I have funny stories, like the time I noticed on a Friday late evening that the light in the office was still on, but because of my rules, I couldn’t go into the office to close the lights. I even had a weekend where I forgot my laptop charger in the office, and come Saturday afternoon my laptop died because I didn’t go in to get my cable. If it were a real office, I know I wouldn’t have gone back to get my cable, so it’s the same concept.

What are you looking forward to in the new year 2021 with your team in your career development? Once this holiday season is over? 

At the start of the pandemic, we thought we’d be back in the office in 2 weeks. Here we are half a year later, still at home.

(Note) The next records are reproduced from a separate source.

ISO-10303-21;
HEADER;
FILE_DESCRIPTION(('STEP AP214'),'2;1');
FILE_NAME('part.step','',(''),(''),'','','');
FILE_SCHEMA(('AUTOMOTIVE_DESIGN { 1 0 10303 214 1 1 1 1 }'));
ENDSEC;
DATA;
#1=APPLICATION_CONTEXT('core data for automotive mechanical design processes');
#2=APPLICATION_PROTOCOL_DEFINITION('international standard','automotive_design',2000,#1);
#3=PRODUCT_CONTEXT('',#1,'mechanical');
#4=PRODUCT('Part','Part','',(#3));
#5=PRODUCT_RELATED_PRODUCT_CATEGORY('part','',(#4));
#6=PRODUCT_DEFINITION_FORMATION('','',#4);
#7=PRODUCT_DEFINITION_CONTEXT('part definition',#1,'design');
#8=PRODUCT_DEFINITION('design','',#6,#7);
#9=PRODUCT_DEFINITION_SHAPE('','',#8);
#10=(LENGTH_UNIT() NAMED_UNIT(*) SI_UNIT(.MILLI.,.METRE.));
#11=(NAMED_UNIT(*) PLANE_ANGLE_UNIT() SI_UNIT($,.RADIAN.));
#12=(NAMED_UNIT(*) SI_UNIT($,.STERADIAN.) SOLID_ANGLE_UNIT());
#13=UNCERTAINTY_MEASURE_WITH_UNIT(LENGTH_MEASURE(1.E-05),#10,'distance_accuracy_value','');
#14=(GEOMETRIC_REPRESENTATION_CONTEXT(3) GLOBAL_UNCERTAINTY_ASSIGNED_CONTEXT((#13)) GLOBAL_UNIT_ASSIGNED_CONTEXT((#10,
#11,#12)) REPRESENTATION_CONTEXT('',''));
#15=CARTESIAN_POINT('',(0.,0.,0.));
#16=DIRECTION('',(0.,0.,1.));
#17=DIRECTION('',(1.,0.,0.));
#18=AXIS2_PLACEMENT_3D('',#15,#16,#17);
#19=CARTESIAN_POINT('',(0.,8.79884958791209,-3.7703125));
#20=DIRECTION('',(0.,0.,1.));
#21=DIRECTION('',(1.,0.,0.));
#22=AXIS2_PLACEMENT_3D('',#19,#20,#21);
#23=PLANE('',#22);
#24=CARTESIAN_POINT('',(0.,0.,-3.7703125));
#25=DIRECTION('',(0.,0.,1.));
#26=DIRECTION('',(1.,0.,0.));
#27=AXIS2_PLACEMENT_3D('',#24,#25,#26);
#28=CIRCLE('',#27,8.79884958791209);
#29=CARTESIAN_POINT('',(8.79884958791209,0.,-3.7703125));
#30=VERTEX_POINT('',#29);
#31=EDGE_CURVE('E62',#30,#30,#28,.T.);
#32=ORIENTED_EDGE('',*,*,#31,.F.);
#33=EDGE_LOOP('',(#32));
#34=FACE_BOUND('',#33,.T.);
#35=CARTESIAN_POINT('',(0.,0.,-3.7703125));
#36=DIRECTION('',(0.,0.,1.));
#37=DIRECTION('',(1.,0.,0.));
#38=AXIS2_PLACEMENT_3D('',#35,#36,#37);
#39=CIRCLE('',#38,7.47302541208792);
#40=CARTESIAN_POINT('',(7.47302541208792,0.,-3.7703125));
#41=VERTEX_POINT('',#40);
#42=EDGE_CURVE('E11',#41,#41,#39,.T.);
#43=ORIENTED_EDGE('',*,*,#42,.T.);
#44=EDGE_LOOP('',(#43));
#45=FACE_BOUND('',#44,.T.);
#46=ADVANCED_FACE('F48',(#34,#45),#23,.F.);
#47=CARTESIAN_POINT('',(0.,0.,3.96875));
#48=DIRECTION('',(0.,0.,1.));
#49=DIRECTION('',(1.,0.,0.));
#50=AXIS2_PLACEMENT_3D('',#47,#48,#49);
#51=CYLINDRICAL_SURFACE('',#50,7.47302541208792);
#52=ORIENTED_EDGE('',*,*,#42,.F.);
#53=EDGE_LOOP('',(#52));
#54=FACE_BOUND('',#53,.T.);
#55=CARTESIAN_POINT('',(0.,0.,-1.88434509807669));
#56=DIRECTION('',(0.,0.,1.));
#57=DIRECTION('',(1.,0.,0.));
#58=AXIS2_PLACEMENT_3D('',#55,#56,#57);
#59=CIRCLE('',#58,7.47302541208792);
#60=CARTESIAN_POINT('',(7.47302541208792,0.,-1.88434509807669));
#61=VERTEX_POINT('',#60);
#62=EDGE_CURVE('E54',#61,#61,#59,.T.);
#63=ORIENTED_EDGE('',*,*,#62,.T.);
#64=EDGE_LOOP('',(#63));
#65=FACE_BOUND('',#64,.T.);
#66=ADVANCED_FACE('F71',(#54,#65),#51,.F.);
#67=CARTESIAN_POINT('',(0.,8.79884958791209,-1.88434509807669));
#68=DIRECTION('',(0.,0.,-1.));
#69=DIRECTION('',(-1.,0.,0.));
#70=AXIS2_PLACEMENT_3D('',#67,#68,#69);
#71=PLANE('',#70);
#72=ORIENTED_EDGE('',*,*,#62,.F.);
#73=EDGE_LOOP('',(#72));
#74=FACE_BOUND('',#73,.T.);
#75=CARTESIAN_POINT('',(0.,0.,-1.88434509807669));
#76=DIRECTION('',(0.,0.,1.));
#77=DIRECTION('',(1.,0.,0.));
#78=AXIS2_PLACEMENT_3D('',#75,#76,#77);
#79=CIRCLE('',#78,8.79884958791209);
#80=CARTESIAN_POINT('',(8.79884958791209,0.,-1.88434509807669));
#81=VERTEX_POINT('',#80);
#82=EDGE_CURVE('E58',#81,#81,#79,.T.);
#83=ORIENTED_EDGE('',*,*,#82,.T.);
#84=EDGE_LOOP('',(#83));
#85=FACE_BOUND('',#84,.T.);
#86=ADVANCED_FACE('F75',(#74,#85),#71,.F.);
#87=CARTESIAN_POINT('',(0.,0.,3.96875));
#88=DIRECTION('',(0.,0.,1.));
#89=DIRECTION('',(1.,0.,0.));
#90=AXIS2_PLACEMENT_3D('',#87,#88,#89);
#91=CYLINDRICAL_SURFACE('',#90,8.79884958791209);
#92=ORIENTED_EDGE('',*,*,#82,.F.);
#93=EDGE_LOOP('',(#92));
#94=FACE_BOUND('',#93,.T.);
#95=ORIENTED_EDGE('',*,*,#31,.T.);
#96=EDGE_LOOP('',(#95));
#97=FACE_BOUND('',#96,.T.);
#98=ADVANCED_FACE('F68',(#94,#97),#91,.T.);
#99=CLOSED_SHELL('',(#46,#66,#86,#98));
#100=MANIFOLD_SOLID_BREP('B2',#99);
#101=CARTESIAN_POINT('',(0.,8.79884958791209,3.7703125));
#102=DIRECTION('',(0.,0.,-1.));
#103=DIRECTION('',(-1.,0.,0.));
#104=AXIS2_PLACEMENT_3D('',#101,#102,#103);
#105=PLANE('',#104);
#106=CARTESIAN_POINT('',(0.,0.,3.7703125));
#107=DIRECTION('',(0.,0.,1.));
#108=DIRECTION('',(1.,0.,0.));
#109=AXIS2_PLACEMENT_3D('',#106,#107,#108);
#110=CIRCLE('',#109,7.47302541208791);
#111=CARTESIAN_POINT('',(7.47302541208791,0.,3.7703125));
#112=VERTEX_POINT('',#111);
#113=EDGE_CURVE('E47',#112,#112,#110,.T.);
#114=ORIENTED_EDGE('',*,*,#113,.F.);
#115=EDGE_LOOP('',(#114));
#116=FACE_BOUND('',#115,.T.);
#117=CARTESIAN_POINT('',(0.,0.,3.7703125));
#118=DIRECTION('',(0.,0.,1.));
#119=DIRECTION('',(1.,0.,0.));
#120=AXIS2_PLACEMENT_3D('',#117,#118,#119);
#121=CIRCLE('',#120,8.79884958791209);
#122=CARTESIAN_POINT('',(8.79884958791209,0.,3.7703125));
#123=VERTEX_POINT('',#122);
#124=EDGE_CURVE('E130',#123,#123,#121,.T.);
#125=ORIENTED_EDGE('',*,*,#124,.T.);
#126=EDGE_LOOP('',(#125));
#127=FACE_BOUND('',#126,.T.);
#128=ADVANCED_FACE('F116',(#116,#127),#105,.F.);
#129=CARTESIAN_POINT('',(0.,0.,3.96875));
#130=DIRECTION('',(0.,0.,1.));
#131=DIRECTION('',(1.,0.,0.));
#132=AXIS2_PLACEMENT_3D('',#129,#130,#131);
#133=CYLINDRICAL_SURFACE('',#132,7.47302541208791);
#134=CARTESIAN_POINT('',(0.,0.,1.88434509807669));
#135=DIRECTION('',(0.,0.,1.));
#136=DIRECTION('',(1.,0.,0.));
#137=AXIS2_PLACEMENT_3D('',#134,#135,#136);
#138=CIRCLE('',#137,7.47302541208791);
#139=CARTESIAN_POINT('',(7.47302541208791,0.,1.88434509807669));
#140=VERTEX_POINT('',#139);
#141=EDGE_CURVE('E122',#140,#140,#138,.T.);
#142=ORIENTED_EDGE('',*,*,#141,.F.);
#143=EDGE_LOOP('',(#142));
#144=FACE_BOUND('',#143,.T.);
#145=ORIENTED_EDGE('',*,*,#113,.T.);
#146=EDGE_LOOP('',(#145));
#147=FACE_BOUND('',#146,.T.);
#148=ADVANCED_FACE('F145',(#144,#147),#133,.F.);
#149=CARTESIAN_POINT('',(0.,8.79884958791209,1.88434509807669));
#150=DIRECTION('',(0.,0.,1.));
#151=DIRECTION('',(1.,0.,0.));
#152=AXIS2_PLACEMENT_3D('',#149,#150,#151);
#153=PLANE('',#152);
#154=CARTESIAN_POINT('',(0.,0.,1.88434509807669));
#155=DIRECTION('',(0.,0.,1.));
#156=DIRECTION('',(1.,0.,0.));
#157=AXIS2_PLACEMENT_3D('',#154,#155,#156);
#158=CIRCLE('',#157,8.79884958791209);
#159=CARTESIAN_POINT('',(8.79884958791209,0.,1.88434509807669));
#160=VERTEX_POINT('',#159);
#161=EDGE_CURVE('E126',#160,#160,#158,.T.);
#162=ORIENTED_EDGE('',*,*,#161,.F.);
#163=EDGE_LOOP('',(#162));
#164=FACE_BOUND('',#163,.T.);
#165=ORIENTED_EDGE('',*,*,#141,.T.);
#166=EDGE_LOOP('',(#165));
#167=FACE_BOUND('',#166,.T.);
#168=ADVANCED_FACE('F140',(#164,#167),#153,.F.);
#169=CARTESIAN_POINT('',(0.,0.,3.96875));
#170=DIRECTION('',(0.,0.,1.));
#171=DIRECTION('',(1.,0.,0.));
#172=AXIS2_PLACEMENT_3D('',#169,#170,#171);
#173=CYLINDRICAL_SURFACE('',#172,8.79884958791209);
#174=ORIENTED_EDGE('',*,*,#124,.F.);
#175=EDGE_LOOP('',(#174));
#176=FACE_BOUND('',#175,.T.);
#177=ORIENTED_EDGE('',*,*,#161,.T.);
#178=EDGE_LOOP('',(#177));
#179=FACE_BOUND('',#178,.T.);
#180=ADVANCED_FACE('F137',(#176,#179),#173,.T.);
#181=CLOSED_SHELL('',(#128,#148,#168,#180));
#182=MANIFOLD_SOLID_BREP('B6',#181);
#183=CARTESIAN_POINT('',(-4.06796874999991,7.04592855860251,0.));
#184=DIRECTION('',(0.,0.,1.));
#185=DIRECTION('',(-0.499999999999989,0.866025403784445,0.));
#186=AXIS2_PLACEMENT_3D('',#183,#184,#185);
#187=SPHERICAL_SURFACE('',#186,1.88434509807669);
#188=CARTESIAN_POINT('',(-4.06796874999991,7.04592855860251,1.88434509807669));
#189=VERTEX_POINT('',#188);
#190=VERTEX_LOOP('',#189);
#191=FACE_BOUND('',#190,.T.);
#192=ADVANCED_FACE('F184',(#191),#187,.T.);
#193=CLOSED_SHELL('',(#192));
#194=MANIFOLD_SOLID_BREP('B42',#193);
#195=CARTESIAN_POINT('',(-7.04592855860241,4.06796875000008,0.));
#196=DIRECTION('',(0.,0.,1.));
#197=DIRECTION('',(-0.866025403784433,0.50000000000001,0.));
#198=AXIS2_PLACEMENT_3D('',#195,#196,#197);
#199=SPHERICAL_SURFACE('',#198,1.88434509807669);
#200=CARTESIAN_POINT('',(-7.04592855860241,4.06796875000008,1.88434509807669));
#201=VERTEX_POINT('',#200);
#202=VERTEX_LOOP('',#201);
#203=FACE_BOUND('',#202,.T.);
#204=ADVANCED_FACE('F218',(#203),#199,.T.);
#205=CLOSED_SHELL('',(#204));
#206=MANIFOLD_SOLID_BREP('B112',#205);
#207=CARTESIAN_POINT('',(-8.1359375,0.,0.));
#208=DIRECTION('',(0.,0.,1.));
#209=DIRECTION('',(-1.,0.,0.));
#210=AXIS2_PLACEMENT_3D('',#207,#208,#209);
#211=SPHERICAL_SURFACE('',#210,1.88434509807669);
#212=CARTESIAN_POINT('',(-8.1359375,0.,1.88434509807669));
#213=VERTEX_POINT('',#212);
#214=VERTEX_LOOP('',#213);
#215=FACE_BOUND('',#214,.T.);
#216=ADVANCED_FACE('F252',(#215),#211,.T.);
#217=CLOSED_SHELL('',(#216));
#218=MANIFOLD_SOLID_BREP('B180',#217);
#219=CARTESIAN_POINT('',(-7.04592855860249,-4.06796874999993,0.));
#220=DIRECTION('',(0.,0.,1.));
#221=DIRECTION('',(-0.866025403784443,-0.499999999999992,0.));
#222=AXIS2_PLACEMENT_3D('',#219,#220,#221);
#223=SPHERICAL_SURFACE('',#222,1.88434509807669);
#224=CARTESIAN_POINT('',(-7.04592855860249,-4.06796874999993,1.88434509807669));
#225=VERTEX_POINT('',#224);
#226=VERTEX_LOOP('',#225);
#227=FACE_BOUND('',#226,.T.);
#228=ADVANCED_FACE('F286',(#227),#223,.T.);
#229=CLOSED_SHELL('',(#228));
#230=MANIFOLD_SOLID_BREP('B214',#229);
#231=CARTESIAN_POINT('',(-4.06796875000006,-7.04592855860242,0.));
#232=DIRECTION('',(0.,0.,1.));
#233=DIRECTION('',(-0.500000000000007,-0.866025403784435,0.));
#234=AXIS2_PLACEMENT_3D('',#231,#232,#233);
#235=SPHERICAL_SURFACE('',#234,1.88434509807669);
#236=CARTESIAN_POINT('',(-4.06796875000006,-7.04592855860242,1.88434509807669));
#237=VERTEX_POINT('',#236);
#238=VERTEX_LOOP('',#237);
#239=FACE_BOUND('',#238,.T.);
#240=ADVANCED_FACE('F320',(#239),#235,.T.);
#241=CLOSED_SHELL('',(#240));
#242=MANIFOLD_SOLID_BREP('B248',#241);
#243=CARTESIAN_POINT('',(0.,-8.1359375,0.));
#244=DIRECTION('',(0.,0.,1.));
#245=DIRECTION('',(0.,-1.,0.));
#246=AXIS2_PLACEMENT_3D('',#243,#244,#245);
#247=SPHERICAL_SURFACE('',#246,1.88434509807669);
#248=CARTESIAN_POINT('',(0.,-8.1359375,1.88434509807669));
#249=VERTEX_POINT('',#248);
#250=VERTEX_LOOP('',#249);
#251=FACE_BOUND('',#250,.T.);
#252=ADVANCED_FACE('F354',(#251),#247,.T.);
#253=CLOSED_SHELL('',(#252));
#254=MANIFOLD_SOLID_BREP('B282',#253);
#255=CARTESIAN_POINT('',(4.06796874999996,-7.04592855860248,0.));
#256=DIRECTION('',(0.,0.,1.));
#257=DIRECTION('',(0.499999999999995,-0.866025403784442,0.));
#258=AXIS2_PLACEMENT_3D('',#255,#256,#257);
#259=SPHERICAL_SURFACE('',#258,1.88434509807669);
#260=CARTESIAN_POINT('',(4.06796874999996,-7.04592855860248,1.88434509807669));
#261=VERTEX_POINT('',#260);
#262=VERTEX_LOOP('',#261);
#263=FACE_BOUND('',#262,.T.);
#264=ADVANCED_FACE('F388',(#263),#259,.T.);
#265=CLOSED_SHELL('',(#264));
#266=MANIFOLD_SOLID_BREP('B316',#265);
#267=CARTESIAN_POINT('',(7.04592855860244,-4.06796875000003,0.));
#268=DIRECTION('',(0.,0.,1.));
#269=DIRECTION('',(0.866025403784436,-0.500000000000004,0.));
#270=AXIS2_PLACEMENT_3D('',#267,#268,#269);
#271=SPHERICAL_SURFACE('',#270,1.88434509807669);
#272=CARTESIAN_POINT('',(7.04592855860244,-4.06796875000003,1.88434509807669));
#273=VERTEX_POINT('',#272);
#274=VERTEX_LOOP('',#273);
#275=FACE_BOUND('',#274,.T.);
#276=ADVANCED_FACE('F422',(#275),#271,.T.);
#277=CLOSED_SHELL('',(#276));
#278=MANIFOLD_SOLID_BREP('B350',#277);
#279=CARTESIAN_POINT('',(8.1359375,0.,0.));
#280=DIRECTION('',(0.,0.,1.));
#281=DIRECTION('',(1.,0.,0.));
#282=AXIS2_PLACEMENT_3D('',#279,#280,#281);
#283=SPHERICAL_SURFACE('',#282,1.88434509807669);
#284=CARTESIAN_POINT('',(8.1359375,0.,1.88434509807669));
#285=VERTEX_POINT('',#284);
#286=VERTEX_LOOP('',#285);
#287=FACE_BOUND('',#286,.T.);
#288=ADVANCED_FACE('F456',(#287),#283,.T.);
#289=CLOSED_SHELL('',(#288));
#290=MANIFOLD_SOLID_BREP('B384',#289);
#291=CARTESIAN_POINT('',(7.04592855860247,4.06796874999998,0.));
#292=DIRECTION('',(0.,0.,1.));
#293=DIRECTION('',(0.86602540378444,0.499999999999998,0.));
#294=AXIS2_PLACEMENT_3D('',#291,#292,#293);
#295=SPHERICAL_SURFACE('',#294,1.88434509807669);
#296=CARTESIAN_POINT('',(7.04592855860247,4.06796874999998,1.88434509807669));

This year has been a weird year, and next year will continue to be weird. Knowing this situation will continue for a while, I’m looking forward to planning better.

Entering the new year knowing we will be working remotewe have to think about how we can better manage ourselves. In the context of the work that we do, we will be continuing what we’ve always done, and continuing to evolve ourselves. Shopify continues to evolve their platform and roll out new features and functionalities that we’ve previously had to implement custom for our clients. This allows us to focus our energies on new problems.

Omnichannel is still a buzzword and as we move into 2021, more and more brands will introduce it and more consumers will expect it. Consumers want as much choice as possible as to where they can buy things. And if shoppers buy on different channels, merchants will need their loyalty programs to work on all their channels too. Customer service will also need to be centralized to support omnichannel operations.

I look forward to seeing Shopify subscription APIs, and making subscription models more native on the Shopify platform. The possibilities are endless. We’ve gone so far by integrating systems and APIs, but this will provide us with infinite possibilities.